# 2015 Murano USB



## rishi211 (Mar 27, 2015)

Does anyone know how to prevent the radio from switching to USB source when plugging in a phone for charging? Its a little annoying when I don't want to switch sources when just wanting to charge my phone.


----------



## Driller (Jan 30, 2015)

*Phone Charge*

I have not experienced the problem. It may be the mode by which you are charging.

If you are simply plugging into the USB port then, according to the manual, the audio will automatically default to the USB connection i.e. your phone. Actually this is a convenient feature if you have an iPod as you would not be plugging it in if you did not want to use it.
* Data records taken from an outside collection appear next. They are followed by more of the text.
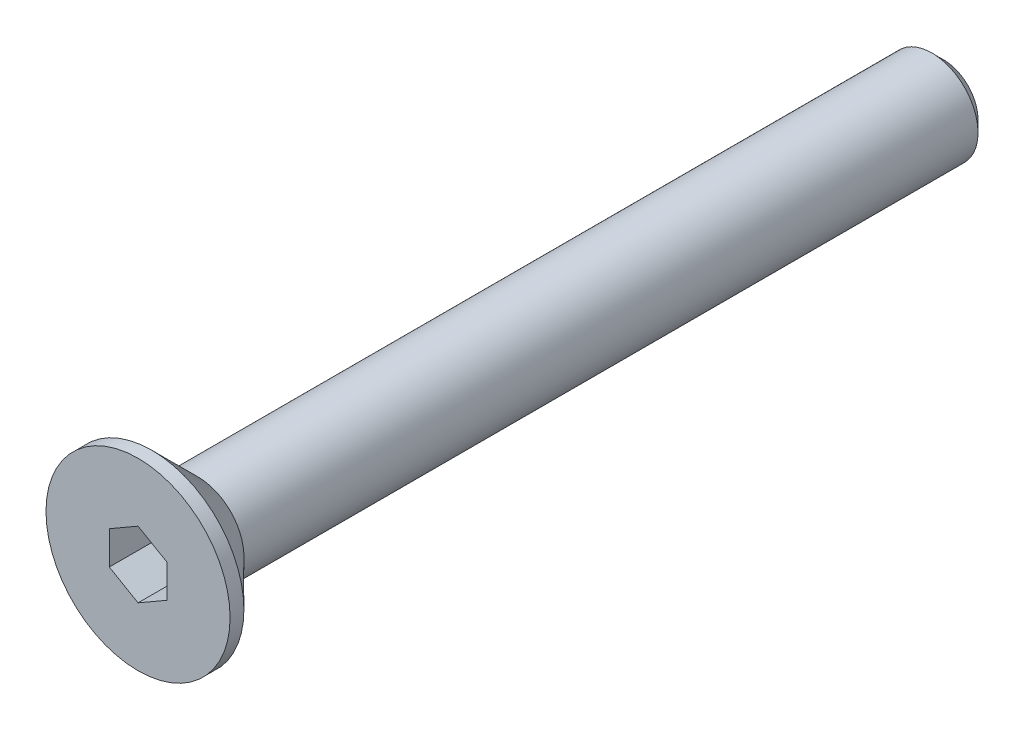
from build123d import *

# Parameters (mm, degrees)
CHAMFER_1_SIZE      = 0.5
CUT_EXTRUDE_1_DEPTH = 2.5


with BuildPart() as part:
    # 草图1 → 旋转1 (revolve)
    with BuildSketch(Plane(origin=(0, 0, 0), x_dir=(0, 0, -1), z_dir=(1, 0, 0)), mode=Mode.PRIVATE) as revolve_1_sk:
        Polygon((-17.5, 0), (-17.5, 4), (-16.9, 4), (-14.9, 2), (17.5, 2), (17.5, 0), align=None)
    revolve(revolve_1_sk.sketch.rotate(Axis((0, 0, -17.5), (0, 0, 1)), 90), axis=Axis((0, 0, -17.5), (0, 0, 1)))

    # 倒角1
    chamfer_1_edges = [part.edges().sort_by_distance(p)[0] for p in [
        (2, 0, -17.5),
    ]]
    chamfer(chamfer_1_edges, length=CHAMFER_1_SIZE)

    # 草图2 → 切除-拉伸1 (cut)
    with BuildSketch(Plane.XY.offset(17.5)):
        Polygon((0, 1.443375673), (-1.25, 0.721687836), (-1.25, -0.721687836), (0, -1.443375673), (1.25, -0.721687836), (1.25, 0.721687836), align=None)
    extrude(amount=-CUT_EXTRUDE_1_DEPTH, mode=Mode.SUBTRACT)


solid = part.part
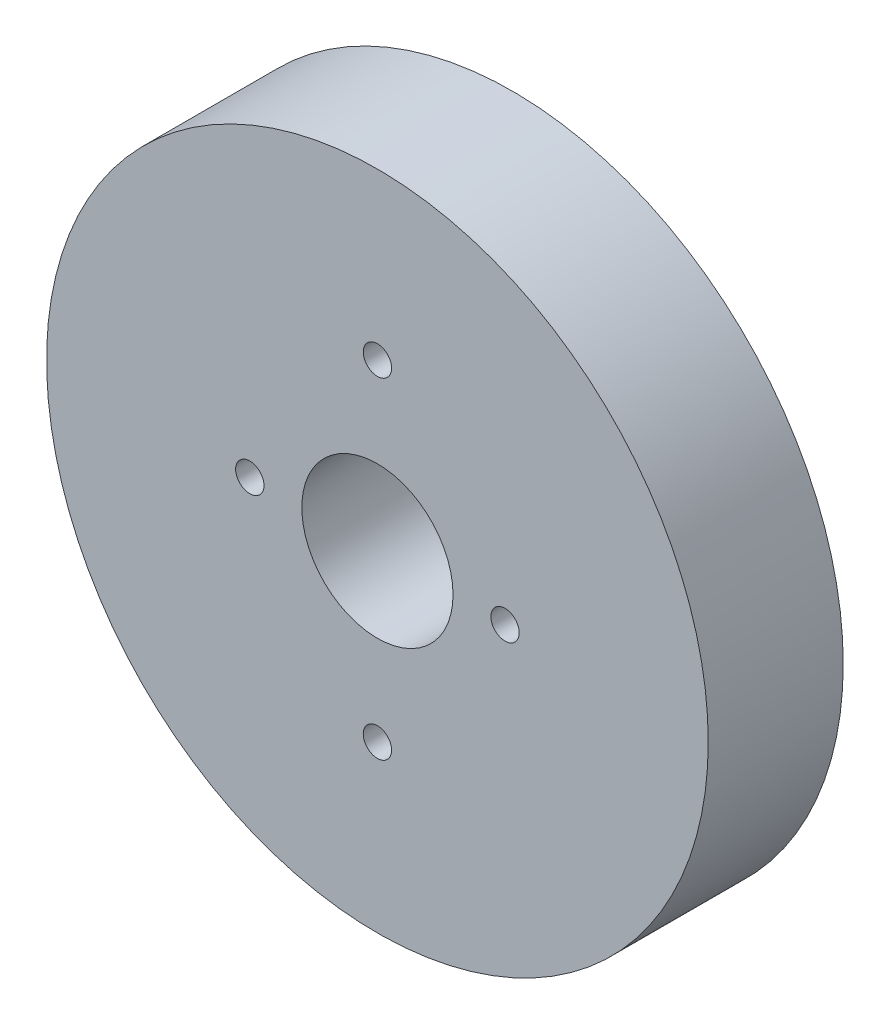
from build123d import *

# Parameters (mm, degrees)
SKETCH_1_R      = 17.5
SKETCH_1_R_2    = 4
SKETCH_1_R_3    = 0.75
EXTRUDE_1_DEPTH = 7.14


with BuildPart() as part:
    # 草图1 → 凸台-拉伸1 (new body)
    with BuildSketch(Plane.XY):
        Circle(SKETCH_1_R)
        Circle(SKETCH_1_R_2, mode=Mode.SUBTRACT)
        with Locations((6.75, 0)):
            Circle(SKETCH_1_R_3, mode=Mode.SUBTRACT)
        with Locations((0, 8.75)):
            Circle(SKETCH_1_R_3, mode=Mode.SUBTRACT)
        with Locations(Location((-6.75, 0, 0), (0, 0, 180))):
            Circle(SKETCH_1_R_3, mode=Mode.SUBTRACT)
        with Locations(Location((0, -8.75, 0), (0, 0, 180))):
            Circle(SKETCH_1_R_3, mode=Mode.SUBTRACT)
    extrude(amount=EXTRUDE_1_DEPTH)


solid = part.part
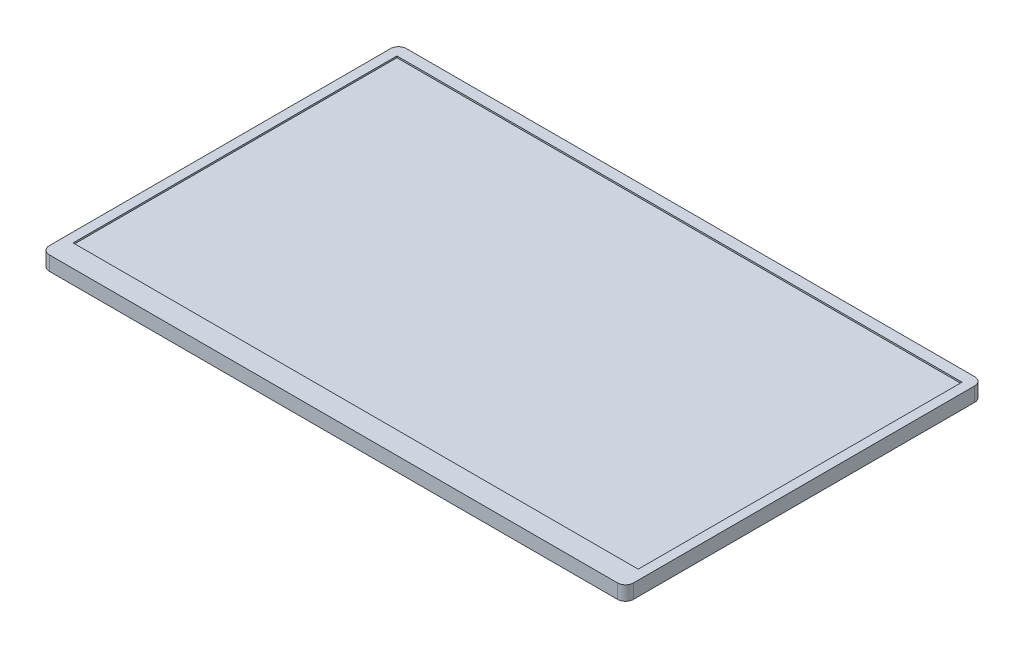
from build123d import *

# Parameters (mm, degrees)
SKETCH_1_W          = 368
SKETCH_1_H          = 225
EXTRUDE_1_DEPTH     = 9
FILLET_1_R          = 5
SKETCH_2_W          = 356
SKETCH_2_H          = 204
CUT_EXTRUDE_1_DEPTH = 1


with BuildPart() as part:
    # 草图1 → 凸台-拉伸1 (new body)
    with BuildSketch(Plane(origin=(0, 0, 0), x_dir=(1, 0, 0), z_dir=(0, 1, 0))):
        Rectangle(SKETCH_1_W, SKETCH_1_H)
    extrude(amount=EXTRUDE_1_DEPTH)

    # 圆角1
    fillet_1_edges = [part.edges().sort_by_distance(p)[0] for p in [
        (-184, 4.5, -112.5),
        (184, 4.5, -112.5),
        (184, 4.5, 112.5),
        (-184, 4.5, 112.5),
    ]]
    fillet(fillet_1_edges, radius=FILLET_1_R)

    # 草图2 → 切除-拉伸1 (cut)
    with BuildSketch(Plane(origin=(0, 9, 0), x_dir=(1, 0, 0), z_dir=(0, 1, 0))):
        with Locations((0, 3.5)):
            Rectangle(SKETCH_2_W, SKETCH_2_H)
    extrude(amount=-CUT_EXTRUDE_1_DEPTH, mode=Mode.SUBTRACT)


solid = part.part

If however you plug it in to a conventional charger with a 120v adaptor it will charge away using the outlet in the mid-console's bin and not interfere with the radio.


----------



## rishi211 (Mar 27, 2015)

I use the USB not the 120v adaptor to charge my phone. I was wondering/hoping that you could turn off the feature to automatically default to the USB connection.


----------



## Driller (Jan 30, 2015)

Well, no, I do not believe that can be done. I don't know why you would want to other than to save a couple of nickels for a better charger. 

Just our of curiosity why would you want to charge with a USB cable if you are not using the iPod? Could it not be charged at home? If you use it in the car then it is being charged by the USB and not running out of battery life. Sorry, I don't get it.


----------



## rishi211 (Mar 27, 2015)

Don't worry about it, it was just a question on whether or not one could change the setting so it didn't automatically switch sources when a device is plugged into the USB. It doesn't seem like it can, not a big deal, I just switch the source back to XM. It is to me more of an annoyance and hoping there was a solution.


----------



## dirlink (Jan 10, 2006)

rishi211 said:


> Don't worry about it, it was just a question on whether or not one could change the setting so it didn't automatically switch sources when a device is plugged into the USB. It doesn't seem like it can, not a big deal, I just switch the source back to XM. It is to me more of an annoyance and hoping there was a solution.


I just got a charger to plug into the cig lighter inside the console and run the wire up from there. I don't use the USB port for charging.


----------



## Highspeedplay (Apr 29, 2015)

Had 2 other cars and all of the switch to USB input when you plug a phone in. just the nature of the beast. most people are doing this to listen to their phone music


----------



## 3rdGenMuranoSV (Jun 15, 2015)

I did the same mistake myself, plugged in my phone with the USB cable there and nothing happened, it did not charge, then I saw the headphone plug on the side and it just came to me.


----------